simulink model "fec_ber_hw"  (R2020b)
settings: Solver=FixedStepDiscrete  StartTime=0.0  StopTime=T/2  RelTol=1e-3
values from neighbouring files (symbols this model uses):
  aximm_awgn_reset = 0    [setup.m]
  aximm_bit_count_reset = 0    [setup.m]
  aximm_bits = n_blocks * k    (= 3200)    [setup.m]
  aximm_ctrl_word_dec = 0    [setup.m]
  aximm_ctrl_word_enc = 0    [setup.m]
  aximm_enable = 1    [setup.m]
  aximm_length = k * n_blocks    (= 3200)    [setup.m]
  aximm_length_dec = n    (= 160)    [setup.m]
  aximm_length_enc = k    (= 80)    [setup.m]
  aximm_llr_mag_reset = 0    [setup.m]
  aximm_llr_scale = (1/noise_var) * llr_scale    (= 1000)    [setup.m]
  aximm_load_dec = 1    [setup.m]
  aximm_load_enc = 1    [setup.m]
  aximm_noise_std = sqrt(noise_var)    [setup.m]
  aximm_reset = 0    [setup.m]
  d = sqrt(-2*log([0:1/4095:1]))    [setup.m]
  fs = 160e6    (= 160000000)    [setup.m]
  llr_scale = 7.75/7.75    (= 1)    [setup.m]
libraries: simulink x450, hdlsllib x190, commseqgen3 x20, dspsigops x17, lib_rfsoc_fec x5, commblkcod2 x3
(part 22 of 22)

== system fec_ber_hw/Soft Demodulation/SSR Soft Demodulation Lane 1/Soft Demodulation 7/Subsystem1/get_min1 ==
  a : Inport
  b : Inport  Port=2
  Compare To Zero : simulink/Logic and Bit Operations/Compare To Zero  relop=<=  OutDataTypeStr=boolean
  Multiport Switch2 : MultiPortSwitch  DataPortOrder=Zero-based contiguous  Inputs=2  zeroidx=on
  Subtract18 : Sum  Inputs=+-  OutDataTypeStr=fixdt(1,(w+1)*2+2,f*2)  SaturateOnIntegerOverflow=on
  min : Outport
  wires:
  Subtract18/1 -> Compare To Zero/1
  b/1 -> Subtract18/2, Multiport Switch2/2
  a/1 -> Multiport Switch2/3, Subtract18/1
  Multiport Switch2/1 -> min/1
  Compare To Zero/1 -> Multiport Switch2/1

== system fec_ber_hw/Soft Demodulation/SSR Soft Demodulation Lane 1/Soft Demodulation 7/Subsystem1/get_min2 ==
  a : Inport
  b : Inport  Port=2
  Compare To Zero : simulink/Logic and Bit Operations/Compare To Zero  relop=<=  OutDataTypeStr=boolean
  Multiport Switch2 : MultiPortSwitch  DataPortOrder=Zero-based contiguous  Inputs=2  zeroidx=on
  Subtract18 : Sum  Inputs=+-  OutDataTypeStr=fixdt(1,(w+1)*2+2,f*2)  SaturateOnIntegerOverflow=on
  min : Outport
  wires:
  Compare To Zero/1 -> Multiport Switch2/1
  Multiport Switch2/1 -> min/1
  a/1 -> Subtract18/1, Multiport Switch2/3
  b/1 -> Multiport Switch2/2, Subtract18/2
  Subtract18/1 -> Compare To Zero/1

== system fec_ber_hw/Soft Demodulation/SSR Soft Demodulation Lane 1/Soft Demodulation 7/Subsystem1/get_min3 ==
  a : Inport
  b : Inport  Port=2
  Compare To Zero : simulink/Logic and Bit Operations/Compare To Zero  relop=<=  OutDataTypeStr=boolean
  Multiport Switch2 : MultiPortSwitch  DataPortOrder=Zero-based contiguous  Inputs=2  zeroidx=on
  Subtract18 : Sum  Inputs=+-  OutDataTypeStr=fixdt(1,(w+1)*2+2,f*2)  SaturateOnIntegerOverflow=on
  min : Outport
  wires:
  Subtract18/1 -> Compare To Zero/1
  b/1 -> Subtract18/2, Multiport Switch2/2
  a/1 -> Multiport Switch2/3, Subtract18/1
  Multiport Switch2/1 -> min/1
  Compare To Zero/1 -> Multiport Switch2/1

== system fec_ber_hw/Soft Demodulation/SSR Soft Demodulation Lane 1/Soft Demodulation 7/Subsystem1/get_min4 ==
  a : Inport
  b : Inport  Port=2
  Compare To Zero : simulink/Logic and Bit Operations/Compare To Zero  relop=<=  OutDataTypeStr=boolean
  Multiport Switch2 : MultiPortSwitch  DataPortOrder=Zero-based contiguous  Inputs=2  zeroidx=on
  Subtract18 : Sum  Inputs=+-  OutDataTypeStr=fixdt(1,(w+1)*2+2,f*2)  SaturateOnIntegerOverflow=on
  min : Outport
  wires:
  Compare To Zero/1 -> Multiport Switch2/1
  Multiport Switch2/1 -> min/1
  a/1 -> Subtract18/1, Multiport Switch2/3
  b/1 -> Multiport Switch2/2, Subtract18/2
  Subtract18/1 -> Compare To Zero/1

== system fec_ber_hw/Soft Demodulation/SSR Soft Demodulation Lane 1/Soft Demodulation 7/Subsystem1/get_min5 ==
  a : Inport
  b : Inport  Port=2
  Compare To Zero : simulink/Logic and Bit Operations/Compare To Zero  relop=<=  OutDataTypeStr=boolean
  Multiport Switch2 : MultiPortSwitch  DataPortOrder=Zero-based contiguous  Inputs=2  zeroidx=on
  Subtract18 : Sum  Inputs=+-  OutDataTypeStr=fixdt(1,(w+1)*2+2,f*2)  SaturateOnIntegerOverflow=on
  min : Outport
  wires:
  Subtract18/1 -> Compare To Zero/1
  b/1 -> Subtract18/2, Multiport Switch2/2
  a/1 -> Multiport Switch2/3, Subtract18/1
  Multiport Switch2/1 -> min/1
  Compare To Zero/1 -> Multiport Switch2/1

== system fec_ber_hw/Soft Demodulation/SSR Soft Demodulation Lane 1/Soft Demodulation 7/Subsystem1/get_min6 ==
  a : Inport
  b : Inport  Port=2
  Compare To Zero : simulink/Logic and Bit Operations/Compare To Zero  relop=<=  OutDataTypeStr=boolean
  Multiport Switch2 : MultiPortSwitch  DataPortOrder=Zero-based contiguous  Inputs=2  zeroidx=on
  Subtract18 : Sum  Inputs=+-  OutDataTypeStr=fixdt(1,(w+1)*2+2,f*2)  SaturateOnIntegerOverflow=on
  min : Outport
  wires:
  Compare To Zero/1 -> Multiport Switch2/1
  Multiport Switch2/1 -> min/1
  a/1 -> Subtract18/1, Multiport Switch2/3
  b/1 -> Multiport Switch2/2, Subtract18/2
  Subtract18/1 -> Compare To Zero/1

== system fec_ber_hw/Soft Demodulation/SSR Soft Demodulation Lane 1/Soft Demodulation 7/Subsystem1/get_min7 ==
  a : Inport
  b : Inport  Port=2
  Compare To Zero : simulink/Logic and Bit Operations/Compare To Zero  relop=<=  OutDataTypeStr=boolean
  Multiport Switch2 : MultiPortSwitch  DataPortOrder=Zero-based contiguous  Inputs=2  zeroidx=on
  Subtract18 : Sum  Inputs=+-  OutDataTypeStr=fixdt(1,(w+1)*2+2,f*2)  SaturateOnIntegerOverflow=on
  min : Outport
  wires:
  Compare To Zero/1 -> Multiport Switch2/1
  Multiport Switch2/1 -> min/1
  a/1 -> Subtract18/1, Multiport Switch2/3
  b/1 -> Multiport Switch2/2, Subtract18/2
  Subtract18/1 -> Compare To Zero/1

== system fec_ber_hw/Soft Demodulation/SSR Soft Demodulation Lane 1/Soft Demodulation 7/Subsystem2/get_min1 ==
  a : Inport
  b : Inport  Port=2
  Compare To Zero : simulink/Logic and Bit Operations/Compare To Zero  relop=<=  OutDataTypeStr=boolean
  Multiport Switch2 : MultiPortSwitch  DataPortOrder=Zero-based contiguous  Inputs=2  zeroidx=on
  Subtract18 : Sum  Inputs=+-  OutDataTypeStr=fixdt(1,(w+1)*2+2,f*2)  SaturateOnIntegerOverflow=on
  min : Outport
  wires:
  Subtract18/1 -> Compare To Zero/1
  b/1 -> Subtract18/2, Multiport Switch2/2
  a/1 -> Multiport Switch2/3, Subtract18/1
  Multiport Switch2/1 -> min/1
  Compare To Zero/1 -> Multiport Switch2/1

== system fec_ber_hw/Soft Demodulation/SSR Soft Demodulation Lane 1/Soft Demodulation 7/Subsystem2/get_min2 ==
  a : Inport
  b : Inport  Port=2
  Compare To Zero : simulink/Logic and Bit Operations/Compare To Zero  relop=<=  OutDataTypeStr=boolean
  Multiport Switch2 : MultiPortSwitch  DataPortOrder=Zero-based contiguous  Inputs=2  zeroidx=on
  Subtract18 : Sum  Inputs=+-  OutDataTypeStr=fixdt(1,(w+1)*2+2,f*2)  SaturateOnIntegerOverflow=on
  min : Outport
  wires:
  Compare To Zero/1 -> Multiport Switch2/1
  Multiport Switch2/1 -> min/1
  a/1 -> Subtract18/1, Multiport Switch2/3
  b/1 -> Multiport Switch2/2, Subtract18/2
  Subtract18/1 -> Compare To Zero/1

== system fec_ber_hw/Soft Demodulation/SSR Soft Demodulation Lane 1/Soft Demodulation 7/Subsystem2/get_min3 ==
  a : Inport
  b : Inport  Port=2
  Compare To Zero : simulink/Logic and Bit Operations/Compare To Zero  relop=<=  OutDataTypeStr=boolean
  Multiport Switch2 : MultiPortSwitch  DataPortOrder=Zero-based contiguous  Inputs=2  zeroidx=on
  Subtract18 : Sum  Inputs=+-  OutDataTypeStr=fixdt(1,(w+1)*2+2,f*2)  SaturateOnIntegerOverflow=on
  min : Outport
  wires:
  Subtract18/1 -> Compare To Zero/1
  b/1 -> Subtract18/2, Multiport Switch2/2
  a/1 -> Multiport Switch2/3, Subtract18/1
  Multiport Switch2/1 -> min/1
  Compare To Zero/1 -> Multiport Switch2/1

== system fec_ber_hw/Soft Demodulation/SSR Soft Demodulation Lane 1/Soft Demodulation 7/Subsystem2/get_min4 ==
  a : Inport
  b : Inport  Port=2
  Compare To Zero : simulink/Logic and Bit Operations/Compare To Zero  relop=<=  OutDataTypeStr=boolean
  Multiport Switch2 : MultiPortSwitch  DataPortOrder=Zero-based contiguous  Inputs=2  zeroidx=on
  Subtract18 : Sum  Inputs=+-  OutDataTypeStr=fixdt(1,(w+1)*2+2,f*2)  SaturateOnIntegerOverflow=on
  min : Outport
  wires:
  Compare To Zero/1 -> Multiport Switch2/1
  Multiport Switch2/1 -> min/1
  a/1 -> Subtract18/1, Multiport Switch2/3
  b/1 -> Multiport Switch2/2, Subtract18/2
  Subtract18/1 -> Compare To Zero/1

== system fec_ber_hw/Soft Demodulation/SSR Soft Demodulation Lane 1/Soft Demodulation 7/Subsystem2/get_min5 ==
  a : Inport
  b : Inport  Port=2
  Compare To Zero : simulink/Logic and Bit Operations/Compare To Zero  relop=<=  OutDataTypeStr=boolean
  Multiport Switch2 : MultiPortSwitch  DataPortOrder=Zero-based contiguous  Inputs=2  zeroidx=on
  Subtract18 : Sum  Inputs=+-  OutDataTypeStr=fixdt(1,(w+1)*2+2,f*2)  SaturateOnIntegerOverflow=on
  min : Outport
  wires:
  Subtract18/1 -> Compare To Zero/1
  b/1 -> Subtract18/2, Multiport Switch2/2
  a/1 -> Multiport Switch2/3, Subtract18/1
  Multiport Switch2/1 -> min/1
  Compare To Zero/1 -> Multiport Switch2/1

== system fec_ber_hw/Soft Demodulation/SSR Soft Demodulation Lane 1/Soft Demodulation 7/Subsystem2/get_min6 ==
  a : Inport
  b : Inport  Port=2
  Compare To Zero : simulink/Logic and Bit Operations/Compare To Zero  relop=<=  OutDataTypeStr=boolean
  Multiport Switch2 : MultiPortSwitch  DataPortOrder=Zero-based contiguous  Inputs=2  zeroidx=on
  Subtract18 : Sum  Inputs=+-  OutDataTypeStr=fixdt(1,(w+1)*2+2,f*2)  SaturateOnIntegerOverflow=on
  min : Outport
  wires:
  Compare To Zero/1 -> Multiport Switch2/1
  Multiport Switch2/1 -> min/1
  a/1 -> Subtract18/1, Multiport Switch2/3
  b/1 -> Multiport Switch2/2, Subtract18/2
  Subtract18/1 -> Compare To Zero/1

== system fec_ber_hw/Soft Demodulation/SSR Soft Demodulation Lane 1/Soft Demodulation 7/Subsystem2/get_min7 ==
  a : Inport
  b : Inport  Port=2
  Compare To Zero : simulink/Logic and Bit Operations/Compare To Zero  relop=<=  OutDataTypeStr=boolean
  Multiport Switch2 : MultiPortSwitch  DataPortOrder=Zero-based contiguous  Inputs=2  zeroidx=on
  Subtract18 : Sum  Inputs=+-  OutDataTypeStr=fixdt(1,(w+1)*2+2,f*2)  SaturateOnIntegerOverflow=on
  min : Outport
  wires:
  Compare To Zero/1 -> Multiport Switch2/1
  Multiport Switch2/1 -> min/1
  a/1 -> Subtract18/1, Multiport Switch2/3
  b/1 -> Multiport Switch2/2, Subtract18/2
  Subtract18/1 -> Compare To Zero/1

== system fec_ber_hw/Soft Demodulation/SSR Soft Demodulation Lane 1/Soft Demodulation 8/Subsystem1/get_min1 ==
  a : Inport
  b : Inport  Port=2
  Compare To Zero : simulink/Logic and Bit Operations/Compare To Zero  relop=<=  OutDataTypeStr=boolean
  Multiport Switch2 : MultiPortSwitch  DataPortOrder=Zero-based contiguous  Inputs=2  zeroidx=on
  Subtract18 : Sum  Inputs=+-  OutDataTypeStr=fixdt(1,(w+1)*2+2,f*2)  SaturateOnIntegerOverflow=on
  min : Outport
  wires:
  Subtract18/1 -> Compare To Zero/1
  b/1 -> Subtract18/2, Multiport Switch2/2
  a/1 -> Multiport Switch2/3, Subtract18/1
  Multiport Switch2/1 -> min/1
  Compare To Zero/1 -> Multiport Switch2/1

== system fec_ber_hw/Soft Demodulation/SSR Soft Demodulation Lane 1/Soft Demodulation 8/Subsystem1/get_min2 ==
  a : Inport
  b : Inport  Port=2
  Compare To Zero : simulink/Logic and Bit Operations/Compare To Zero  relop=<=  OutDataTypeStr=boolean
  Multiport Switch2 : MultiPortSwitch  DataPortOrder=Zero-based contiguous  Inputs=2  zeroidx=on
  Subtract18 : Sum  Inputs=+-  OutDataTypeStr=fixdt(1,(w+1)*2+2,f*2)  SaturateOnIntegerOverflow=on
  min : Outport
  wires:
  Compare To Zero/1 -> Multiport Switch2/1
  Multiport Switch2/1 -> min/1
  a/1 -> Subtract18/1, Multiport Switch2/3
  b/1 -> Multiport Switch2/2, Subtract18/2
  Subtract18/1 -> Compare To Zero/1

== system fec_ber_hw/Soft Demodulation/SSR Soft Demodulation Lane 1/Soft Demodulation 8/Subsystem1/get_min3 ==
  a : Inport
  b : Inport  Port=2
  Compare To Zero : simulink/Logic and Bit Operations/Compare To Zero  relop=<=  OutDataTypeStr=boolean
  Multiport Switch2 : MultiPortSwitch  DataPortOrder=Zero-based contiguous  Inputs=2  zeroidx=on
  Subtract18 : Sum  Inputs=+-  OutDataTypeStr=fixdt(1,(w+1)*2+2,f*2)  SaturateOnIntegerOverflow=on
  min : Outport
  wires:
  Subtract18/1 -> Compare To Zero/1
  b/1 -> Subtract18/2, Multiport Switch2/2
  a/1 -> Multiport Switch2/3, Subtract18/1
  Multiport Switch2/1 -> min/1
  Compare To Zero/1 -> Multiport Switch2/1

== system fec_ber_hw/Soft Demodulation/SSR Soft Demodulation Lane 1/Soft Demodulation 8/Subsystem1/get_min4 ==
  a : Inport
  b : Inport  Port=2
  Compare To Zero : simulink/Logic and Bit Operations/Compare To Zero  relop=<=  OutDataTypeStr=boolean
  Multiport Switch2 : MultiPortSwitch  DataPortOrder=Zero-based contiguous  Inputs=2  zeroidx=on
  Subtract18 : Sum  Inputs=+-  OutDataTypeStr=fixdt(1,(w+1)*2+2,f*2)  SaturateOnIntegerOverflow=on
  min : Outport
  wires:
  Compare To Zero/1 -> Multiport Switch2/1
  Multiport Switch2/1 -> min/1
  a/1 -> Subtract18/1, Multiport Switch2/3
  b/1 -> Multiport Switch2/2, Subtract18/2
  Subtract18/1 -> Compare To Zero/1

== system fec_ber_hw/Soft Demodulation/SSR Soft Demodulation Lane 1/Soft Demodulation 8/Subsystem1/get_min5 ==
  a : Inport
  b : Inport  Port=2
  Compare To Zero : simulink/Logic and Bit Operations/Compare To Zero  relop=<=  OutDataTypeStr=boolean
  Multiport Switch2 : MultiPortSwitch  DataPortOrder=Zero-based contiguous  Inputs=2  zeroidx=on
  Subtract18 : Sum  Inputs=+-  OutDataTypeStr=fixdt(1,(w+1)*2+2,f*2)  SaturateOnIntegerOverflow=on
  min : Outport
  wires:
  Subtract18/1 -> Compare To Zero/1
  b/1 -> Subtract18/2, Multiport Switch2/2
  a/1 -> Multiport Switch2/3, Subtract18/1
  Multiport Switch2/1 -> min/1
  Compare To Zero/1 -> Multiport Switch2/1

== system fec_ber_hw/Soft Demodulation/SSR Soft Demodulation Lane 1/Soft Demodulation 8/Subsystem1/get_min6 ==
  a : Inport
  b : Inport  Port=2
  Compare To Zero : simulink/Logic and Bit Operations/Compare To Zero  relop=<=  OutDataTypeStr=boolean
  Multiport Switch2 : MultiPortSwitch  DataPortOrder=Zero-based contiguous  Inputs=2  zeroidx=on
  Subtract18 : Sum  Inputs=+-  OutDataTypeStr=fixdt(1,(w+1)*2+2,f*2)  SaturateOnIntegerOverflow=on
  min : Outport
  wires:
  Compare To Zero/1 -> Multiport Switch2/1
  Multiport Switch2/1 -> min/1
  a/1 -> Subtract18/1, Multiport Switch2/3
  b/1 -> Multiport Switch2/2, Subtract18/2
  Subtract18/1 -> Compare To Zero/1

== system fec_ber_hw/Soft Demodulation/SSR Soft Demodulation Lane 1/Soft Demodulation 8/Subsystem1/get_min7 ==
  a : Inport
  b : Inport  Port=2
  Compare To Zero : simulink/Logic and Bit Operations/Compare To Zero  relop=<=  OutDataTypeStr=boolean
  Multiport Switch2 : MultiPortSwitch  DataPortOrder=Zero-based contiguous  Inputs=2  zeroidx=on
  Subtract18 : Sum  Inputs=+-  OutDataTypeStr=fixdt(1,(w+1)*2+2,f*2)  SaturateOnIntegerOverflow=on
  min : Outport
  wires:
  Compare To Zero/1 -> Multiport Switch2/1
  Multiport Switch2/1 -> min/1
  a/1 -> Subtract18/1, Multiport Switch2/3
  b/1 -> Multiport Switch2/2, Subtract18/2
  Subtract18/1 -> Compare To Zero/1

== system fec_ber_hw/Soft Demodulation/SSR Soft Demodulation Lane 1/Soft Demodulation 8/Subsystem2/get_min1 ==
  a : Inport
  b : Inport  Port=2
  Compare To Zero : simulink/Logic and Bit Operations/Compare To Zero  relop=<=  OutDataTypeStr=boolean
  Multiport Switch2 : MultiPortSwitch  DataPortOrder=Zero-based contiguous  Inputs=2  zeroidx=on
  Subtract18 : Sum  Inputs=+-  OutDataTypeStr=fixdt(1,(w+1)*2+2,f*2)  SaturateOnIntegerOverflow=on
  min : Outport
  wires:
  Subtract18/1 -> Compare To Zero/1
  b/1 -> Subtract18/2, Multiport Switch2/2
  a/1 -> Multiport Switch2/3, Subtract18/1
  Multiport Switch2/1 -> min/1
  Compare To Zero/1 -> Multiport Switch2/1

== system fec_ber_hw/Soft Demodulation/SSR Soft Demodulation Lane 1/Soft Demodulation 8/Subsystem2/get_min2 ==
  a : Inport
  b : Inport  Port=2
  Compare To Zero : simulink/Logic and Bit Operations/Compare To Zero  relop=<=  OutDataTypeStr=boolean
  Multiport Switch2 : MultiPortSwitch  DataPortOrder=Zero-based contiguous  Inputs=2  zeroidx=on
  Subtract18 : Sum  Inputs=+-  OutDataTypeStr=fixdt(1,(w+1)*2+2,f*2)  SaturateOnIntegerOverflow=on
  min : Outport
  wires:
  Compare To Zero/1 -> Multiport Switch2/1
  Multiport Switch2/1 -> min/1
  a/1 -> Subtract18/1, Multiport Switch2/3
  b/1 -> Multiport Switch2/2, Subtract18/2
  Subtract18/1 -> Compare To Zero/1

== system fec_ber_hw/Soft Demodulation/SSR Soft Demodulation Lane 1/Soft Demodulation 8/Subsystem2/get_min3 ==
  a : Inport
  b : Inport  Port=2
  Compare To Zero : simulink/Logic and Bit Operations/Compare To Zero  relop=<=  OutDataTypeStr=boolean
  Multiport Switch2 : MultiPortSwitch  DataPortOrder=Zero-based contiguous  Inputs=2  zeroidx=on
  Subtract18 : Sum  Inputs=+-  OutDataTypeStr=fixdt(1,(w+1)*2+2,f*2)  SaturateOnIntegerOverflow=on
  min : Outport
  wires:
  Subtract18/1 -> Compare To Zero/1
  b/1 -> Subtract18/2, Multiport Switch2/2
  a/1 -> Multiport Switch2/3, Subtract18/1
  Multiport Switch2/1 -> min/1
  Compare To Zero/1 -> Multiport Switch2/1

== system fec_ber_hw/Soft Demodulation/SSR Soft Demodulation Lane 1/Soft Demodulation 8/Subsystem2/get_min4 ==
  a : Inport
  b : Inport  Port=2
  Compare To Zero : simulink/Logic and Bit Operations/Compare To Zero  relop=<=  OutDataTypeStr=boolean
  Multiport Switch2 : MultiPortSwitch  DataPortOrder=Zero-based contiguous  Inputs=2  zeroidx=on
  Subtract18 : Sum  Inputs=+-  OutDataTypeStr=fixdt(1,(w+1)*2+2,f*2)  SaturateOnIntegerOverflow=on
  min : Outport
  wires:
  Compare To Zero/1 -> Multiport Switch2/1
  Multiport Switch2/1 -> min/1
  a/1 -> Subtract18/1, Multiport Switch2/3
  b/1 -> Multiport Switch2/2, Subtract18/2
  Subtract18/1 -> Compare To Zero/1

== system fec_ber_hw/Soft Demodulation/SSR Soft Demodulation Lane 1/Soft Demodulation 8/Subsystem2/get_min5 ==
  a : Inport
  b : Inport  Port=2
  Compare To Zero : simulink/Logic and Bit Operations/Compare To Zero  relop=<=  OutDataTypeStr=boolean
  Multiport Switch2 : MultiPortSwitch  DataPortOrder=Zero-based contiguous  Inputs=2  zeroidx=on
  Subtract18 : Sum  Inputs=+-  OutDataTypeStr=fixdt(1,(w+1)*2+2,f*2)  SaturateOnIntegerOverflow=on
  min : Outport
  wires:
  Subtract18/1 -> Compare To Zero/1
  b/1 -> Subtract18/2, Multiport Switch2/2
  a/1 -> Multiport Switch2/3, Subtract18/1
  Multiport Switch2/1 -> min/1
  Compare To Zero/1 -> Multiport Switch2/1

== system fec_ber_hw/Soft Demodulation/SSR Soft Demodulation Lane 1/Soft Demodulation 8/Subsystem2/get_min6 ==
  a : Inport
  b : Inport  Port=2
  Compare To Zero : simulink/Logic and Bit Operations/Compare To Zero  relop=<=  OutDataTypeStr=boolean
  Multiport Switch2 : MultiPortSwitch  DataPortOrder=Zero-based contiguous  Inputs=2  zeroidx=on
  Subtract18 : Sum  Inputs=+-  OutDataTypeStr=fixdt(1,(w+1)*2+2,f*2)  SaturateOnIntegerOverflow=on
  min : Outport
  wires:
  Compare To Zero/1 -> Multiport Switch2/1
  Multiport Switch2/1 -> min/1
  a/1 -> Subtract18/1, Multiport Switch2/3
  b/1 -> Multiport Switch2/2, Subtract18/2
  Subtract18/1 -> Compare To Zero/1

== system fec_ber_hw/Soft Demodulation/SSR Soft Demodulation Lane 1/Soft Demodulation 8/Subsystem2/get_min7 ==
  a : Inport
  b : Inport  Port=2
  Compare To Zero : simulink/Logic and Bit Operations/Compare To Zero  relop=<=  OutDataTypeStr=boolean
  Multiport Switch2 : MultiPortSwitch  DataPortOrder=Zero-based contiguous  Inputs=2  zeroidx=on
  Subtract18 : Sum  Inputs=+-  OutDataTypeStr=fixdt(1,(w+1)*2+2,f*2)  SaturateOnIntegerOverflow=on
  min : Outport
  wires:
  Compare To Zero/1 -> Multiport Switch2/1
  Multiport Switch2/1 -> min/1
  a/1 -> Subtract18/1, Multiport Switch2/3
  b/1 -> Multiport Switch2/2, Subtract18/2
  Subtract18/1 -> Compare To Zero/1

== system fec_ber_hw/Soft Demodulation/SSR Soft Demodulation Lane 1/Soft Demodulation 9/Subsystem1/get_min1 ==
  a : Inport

## Brief
Given the word "model", show every line of the records that contains it.

## Written answer
simulink model "fec_ber_hw"  (R2020b)
values from neighbouring files (symbols this model uses):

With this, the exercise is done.